What you give back from the listing below should be an exact copy of the lines from the one with "Source code" down to the one with "# ---- cameras", and it should contain no pictures.

### [Given information]
-*-*-
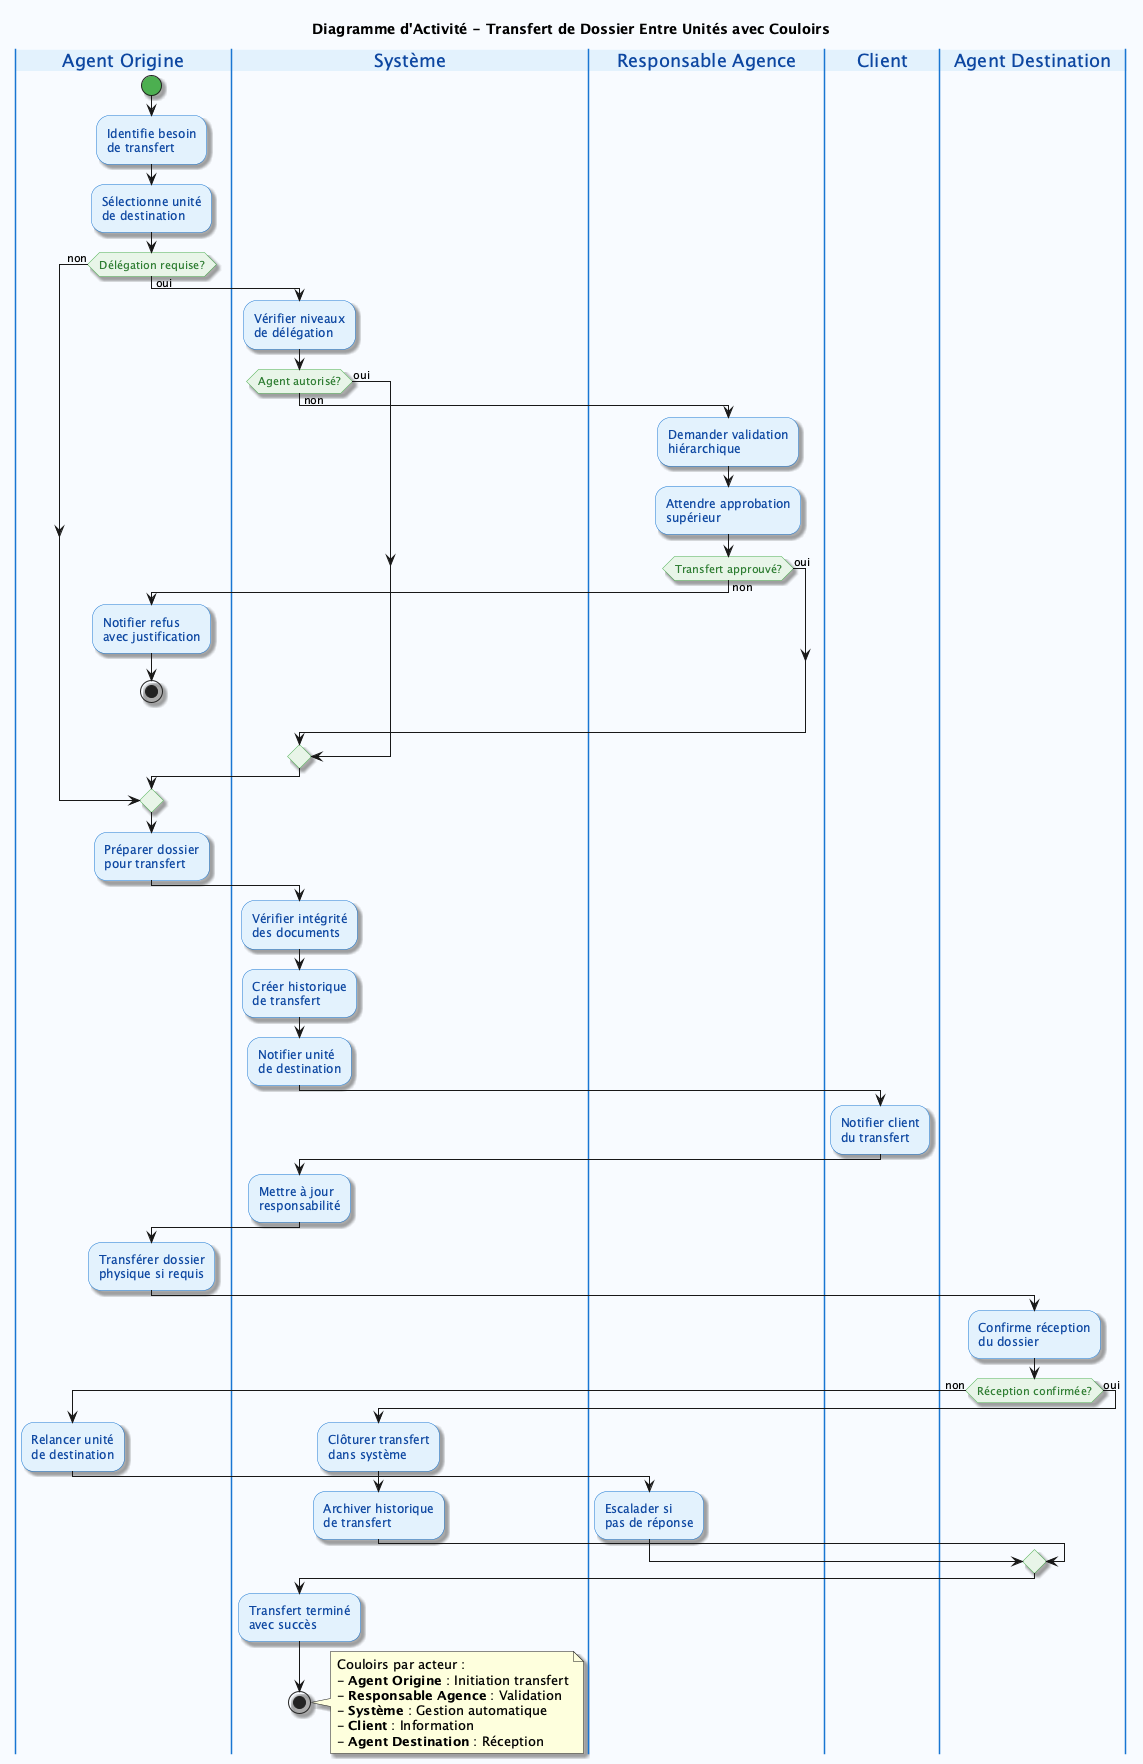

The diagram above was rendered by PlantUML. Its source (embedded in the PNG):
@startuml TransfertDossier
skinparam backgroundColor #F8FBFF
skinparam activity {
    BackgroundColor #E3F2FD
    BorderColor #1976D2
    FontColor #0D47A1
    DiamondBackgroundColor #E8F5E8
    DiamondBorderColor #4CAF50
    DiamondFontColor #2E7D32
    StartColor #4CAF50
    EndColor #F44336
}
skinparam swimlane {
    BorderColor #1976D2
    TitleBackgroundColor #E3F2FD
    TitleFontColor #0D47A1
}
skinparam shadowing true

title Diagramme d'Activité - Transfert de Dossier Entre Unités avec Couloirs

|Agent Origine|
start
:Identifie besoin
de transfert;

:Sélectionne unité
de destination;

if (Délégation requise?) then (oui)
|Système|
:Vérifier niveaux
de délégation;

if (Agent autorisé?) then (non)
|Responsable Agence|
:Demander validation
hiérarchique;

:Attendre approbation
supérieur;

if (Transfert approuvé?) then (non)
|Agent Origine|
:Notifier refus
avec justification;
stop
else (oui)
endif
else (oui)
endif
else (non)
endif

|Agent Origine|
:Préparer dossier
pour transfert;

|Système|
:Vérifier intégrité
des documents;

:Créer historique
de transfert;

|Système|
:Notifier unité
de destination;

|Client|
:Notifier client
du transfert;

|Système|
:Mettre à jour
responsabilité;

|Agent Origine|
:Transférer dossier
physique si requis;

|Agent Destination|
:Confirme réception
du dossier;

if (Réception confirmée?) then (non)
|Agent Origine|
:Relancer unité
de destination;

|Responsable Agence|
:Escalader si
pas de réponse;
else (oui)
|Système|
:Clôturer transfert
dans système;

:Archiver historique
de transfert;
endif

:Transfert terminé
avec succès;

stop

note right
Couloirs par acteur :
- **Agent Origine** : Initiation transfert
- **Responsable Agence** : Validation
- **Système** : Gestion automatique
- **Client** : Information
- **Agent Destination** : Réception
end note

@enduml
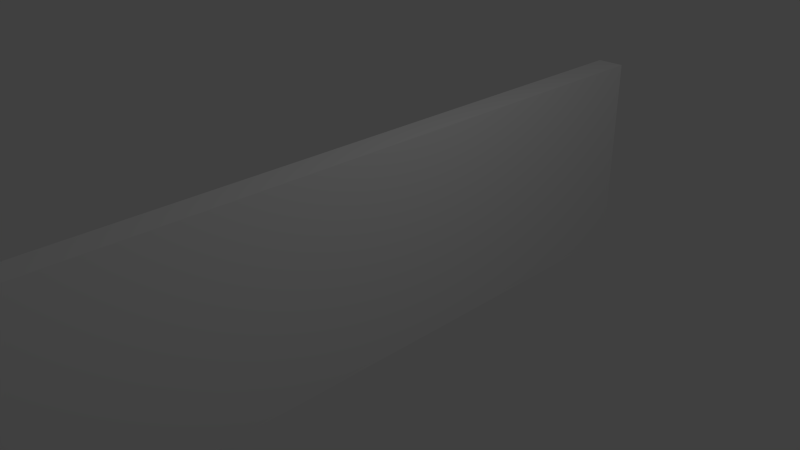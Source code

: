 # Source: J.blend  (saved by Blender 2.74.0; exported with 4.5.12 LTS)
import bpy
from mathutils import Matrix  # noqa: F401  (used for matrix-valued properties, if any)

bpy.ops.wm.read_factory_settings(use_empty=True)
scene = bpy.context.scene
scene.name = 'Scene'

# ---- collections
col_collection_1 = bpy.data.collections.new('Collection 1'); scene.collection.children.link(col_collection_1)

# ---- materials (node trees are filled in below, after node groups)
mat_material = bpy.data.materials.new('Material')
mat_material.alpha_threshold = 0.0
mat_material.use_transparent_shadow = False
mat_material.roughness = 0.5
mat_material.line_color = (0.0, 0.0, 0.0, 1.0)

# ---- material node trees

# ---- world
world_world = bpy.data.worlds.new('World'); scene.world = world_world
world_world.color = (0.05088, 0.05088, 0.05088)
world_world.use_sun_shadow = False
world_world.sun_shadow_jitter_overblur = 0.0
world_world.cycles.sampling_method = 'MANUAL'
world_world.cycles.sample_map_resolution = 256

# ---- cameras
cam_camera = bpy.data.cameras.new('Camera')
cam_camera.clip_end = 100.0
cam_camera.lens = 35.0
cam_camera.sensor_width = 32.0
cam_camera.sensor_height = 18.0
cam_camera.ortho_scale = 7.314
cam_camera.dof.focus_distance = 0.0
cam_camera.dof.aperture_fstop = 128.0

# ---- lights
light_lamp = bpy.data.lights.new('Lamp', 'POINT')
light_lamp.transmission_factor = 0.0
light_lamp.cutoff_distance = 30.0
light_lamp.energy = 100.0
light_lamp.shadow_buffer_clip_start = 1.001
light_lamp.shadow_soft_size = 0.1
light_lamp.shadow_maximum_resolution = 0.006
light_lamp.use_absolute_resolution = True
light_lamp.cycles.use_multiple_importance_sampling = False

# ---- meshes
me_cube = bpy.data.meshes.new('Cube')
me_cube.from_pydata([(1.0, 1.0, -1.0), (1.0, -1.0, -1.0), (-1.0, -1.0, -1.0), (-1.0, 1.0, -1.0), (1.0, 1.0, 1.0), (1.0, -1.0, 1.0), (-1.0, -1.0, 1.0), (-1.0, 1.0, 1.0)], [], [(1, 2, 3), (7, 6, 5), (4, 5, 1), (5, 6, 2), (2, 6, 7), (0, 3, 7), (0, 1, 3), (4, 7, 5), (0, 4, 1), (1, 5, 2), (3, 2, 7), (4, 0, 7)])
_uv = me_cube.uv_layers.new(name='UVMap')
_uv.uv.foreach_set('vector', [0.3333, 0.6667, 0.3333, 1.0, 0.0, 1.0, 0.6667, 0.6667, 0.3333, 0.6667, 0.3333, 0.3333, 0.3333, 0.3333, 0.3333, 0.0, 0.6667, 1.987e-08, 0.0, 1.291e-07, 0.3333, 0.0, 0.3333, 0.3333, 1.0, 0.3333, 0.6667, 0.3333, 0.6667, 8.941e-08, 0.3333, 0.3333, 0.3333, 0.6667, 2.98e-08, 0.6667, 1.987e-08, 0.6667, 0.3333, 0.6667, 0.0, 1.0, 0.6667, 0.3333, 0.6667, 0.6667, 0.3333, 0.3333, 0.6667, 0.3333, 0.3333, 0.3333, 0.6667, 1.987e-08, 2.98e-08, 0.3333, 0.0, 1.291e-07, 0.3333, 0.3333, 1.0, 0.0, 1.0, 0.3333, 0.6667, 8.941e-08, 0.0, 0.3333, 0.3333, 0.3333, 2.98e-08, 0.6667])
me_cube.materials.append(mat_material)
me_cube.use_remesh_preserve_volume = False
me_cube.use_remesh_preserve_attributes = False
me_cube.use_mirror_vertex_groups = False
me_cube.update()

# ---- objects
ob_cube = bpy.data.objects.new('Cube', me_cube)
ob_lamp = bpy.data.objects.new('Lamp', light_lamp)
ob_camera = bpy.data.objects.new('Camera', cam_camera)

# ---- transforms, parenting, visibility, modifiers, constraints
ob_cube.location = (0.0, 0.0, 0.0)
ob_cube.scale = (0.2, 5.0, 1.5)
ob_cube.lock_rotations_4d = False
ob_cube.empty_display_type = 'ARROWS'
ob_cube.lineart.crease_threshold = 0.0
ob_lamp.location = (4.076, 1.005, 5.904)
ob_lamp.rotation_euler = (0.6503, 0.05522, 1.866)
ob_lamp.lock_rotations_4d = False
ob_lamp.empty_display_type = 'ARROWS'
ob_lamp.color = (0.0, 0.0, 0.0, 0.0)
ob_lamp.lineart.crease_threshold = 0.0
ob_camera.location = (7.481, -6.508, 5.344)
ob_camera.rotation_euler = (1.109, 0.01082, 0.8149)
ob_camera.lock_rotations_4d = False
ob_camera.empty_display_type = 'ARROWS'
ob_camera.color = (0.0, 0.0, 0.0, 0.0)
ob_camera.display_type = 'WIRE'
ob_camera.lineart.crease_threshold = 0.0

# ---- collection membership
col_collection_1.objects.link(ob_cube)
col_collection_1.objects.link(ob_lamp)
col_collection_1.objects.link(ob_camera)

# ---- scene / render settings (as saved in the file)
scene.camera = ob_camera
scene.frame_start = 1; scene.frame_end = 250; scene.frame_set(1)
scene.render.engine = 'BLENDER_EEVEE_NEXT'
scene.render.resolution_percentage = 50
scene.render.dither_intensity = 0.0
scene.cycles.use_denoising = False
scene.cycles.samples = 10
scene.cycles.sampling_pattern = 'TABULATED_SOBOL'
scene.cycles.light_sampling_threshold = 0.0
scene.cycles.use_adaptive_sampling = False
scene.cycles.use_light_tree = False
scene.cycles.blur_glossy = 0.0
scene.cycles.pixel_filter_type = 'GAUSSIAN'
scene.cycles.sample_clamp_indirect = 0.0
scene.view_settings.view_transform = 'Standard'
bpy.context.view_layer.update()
-*-*-
### [Answer space]
Source code

: # Source: J.blend  (saved by Blender 2.74.0; exported with 4.5.12 LTS)
import bpy
from mathutils import Matrix  # noqa: F401  (used for matrix-valued properties, if any)

bpy.ops.wm.read_factory_settings(use_empty=True)
scene = bpy.context.scene
scene.name = 'Scene'

# ---- collections
col_collection_1 = bpy.data.collections.new('Collection 1'); scene.collection.children.link(col_collection_1)

# ---- materials (node trees are filled in below, after node groups)
mat_material = bpy.data.materials.new('Material')
mat_material.alpha_threshold = 0.0
mat_material.use_transparent_shadow = False
mat_material.roughness = 0.5
mat_material.line_color = (0.0, 0.0, 0.0, 1.0)

# ---- material node trees

# ---- world
world_world = bpy.data.worlds.new('World'); scene.world = world_world
world_world.color = (0.05088, 0.05088, 0.05088)
world_world.use_sun_shadow = False
world_world.sun_shadow_jitter_overblur = 0.0
world_world.cycles.sampling_method = 'MANUAL'
world_world.cycles.sample_map_resolution = 256

# ---- cameras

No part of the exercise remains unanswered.